Please restate each line of the data below exactly. Omit all images.

Collected data entries
------------

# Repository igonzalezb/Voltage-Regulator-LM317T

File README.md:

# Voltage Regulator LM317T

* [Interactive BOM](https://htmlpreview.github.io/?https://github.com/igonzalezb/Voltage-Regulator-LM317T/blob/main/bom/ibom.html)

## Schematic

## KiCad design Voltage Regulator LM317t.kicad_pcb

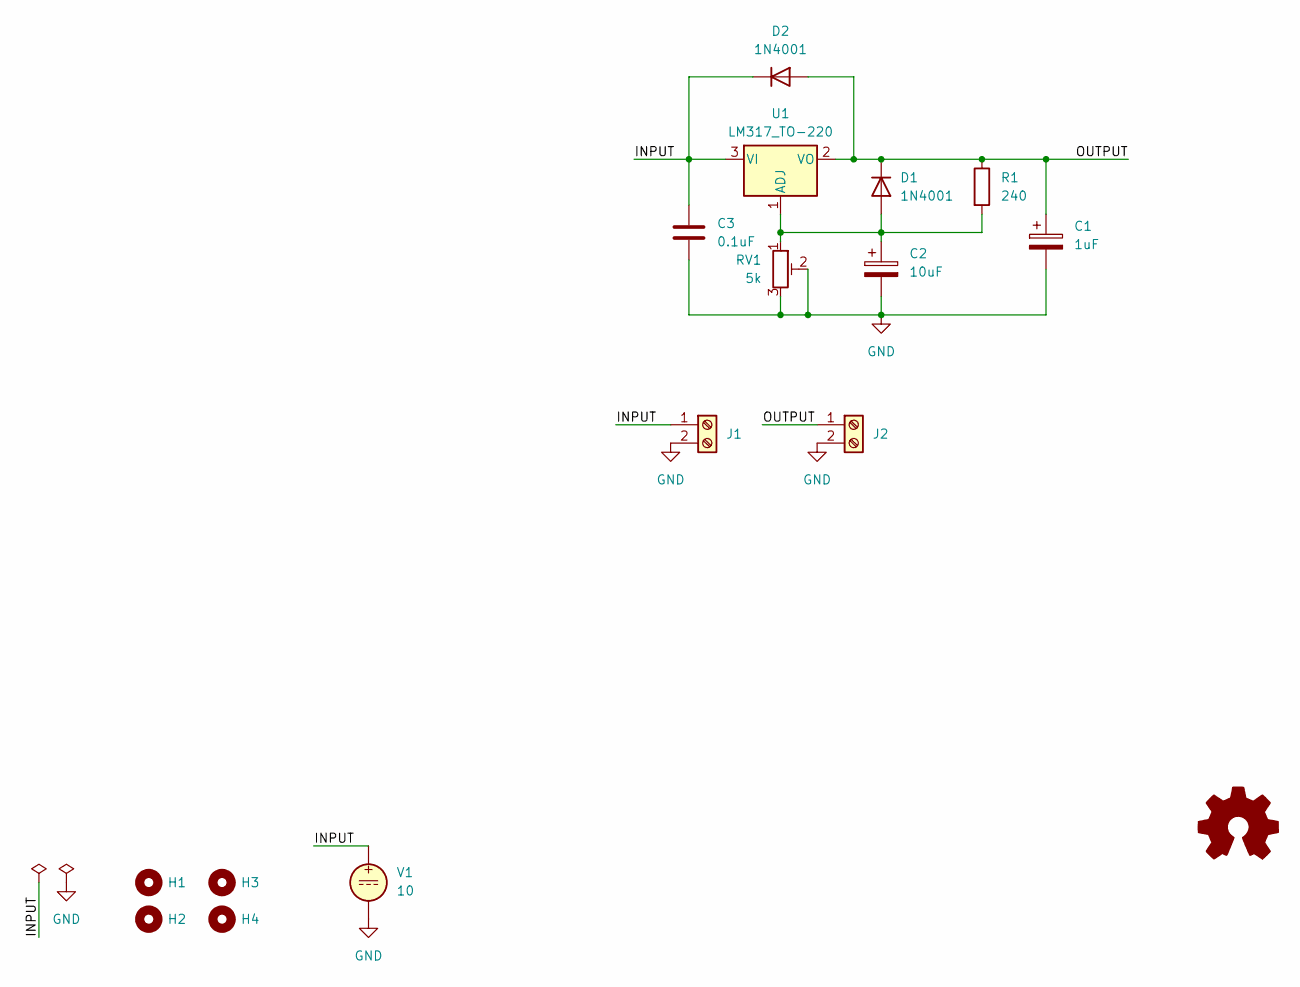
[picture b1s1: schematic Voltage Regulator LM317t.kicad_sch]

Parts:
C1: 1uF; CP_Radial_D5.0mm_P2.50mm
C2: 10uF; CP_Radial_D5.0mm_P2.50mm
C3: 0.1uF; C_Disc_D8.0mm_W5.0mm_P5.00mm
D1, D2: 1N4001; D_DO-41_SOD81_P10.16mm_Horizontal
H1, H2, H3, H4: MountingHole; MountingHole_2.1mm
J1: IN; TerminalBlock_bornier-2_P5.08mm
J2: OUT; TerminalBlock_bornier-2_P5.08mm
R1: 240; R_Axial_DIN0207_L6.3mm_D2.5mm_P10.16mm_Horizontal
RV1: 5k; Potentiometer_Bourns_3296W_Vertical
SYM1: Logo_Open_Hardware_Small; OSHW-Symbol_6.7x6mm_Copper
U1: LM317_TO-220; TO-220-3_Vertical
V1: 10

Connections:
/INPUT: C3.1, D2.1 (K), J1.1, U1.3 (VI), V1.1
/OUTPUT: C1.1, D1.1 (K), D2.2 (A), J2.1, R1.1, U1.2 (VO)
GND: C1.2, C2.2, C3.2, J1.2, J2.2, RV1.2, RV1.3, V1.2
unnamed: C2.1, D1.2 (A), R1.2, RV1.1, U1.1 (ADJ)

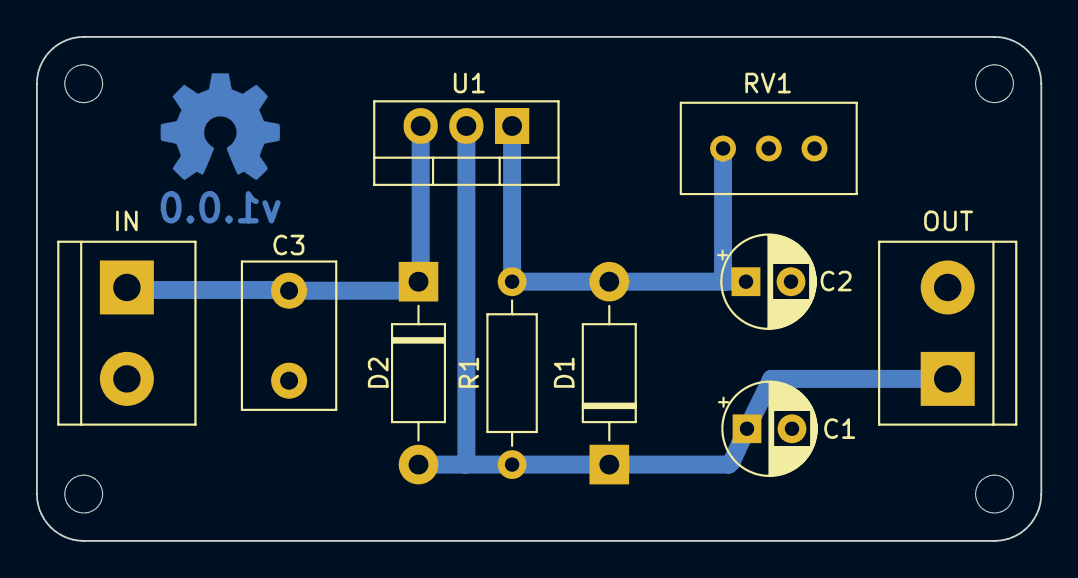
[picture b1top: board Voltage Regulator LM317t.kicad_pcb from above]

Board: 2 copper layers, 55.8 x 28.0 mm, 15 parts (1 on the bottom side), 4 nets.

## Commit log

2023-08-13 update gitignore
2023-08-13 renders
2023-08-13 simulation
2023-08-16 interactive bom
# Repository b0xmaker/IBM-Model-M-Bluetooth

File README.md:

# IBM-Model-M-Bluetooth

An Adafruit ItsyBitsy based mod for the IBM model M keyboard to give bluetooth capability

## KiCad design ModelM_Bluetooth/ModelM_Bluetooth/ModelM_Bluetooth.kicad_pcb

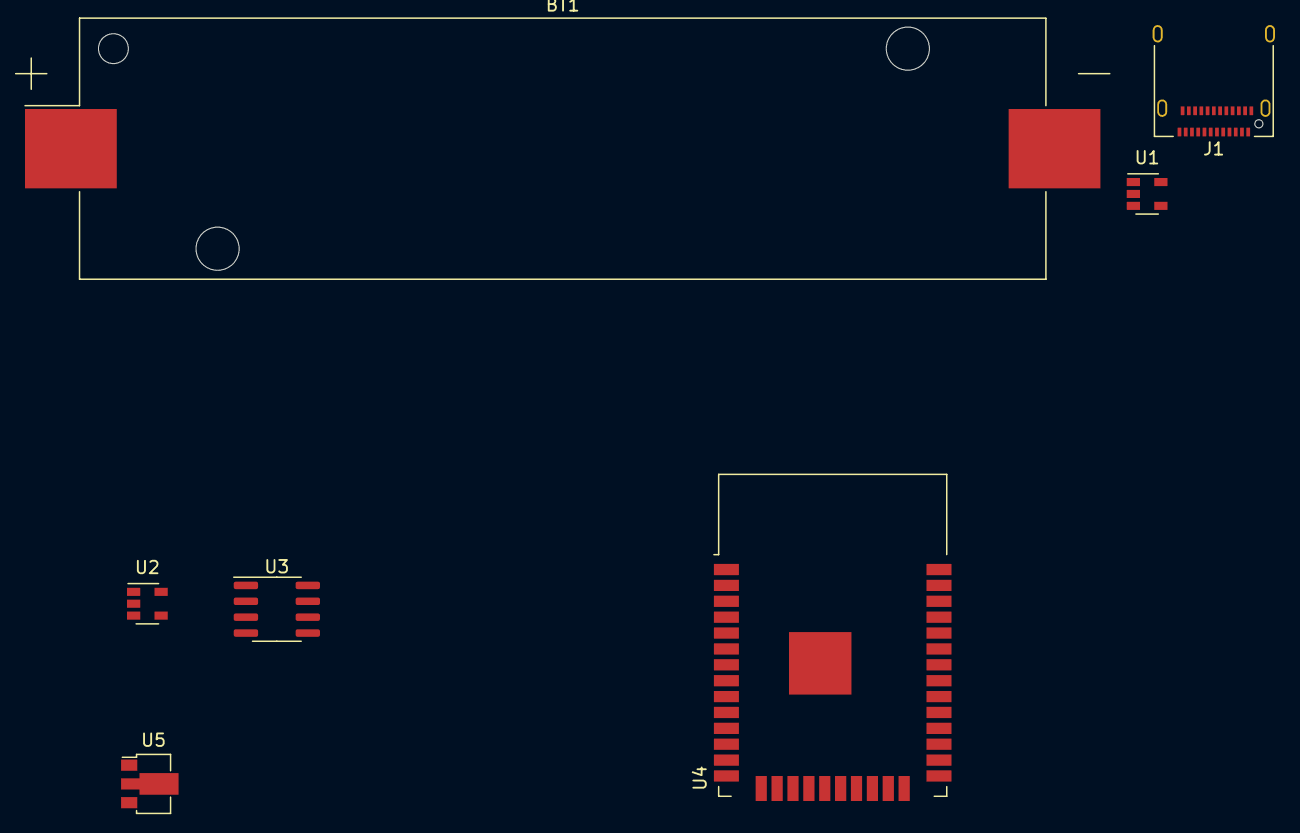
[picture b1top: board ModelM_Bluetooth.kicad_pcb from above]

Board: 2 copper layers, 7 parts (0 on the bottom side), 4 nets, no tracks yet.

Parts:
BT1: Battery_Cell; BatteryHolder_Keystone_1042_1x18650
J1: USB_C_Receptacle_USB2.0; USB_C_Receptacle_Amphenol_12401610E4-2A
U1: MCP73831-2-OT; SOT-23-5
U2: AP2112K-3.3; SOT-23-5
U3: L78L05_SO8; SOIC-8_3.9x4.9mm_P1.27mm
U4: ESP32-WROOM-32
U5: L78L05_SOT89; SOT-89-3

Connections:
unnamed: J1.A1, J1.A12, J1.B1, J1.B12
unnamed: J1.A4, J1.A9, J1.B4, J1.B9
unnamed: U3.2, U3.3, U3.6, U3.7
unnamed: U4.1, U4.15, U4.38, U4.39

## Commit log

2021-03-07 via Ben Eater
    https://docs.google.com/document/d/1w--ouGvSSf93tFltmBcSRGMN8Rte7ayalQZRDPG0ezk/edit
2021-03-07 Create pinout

------------

[EXPECTED OUTPUT]
# Repository igonzalezb/Voltage-Regulator-LM317T

File README.md:

# Voltage Regulator LM317T

* [Interactive BOM](https://htmlpreview.github.io/?https://github.com/igonzalezb/Voltage-Regulator-LM317T/blob/main/bom/ibom.html)

## Schematic

## KiCad design Voltage Regulator LM317t.kicad_pcb

[picture b1s1: schematic Voltage Regulator LM317t.kicad_sch]

Parts:
C1: 1uF; CP_Radial_D5.0mm_P2.50mm
C2: 10uF; CP_Radial_D5.0mm_P2.50mm
C3: 0.1uF; C_Disc_D8.0mm_W5.0mm_P5.00mm
D1, D2: 1N4001; D_DO-41_SOD81_P10.16mm_Horizontal
H1, H2, H3, H4: MountingHole; MountingHole_2.1mm
J1: IN; TerminalBlock_bornier-2_P5.08mm
J2: OUT; TerminalBlock_bornier-2_P5.08mm
R1: 240; R_Axial_DIN0207_L6.3mm_D2.5mm_P10.16mm_Horizontal
RV1: 5k; Potentiometer_Bourns_3296W_Vertical
SYM1: Logo_Open_Hardware_Small; OSHW-Symbol_6.7x6mm_Copper
U1: LM317_TO-220; TO-220-3_Vertical
V1: 10

Connections:
/INPUT: C3.1, D2.1 (K), J1.1, U1.3 (VI), V1.1
/OUTPUT: C1.1, D1.1 (K), D2.2 (A), J2.1, R1.1, U1.2 (VO)
GND: C1.2, C2.2, C3.2, J1.2, J2.2, RV1.2, RV1.3, V1.2
unnamed: C2.1, D1.2 (A), R1.2, RV1.1, U1.1 (ADJ)

[picture b1top: board Voltage Regulator LM317t.kicad_pcb from above]

Board: 2 copper layers, 55.8 x 28.0 mm, 15 parts (1 on the bottom side), 4 nets.

## Commit log

2023-08-13 update gitignore
2023-08-13 renders
2023-08-13 simulation
2023-08-16 interactive bom
# Repository b0xmaker/IBM-Model-M-Bluetooth

File README.md:

# IBM-Model-M-Bluetooth

An Adafruit ItsyBitsy based mod for the IBM model M keyboard to give bluetooth capability

## KiCad design ModelM_Bluetooth/ModelM_Bluetooth/ModelM_Bluetooth.kicad_pcb

[picture b1top: board ModelM_Bluetooth.kicad_pcb from above]

Board: 2 copper layers, 7 parts (0 on the bottom side), 4 nets, no tracks yet.

Parts:
BT1: Battery_Cell; BatteryHolder_Keystone_1042_1x18650
J1: USB_C_Receptacle_USB2.0; USB_C_Receptacle_Amphenol_12401610E4-2A
U1: MCP73831-2-OT; SOT-23-5
U2: AP2112K-3.3; SOT-23-5
U3: L78L05_SO8; SOIC-8_3.9x4.9mm_P1.27mm
U4: ESP32-WROOM-32
U5: L78L05_SOT89; SOT-89-3

Connections:
unnamed: J1.A1, J1.A12, J1.B1, J1.B12
unnamed: J1.A4, J1.A9, J1.B4, J1.B9
unnamed: U3.2, U3.3, U3.6, U3.7
unnamed: U4.1, U4.15, U4.38, U4.39

## Commit log

2021-03-07 via Ben Eater
    https://docs.google.com/document/d/1w--ouGvSSf93tFltmBcSRGMN8Rte7ayalQZRDPG0ezk/edit
2021-03-07 Create pinout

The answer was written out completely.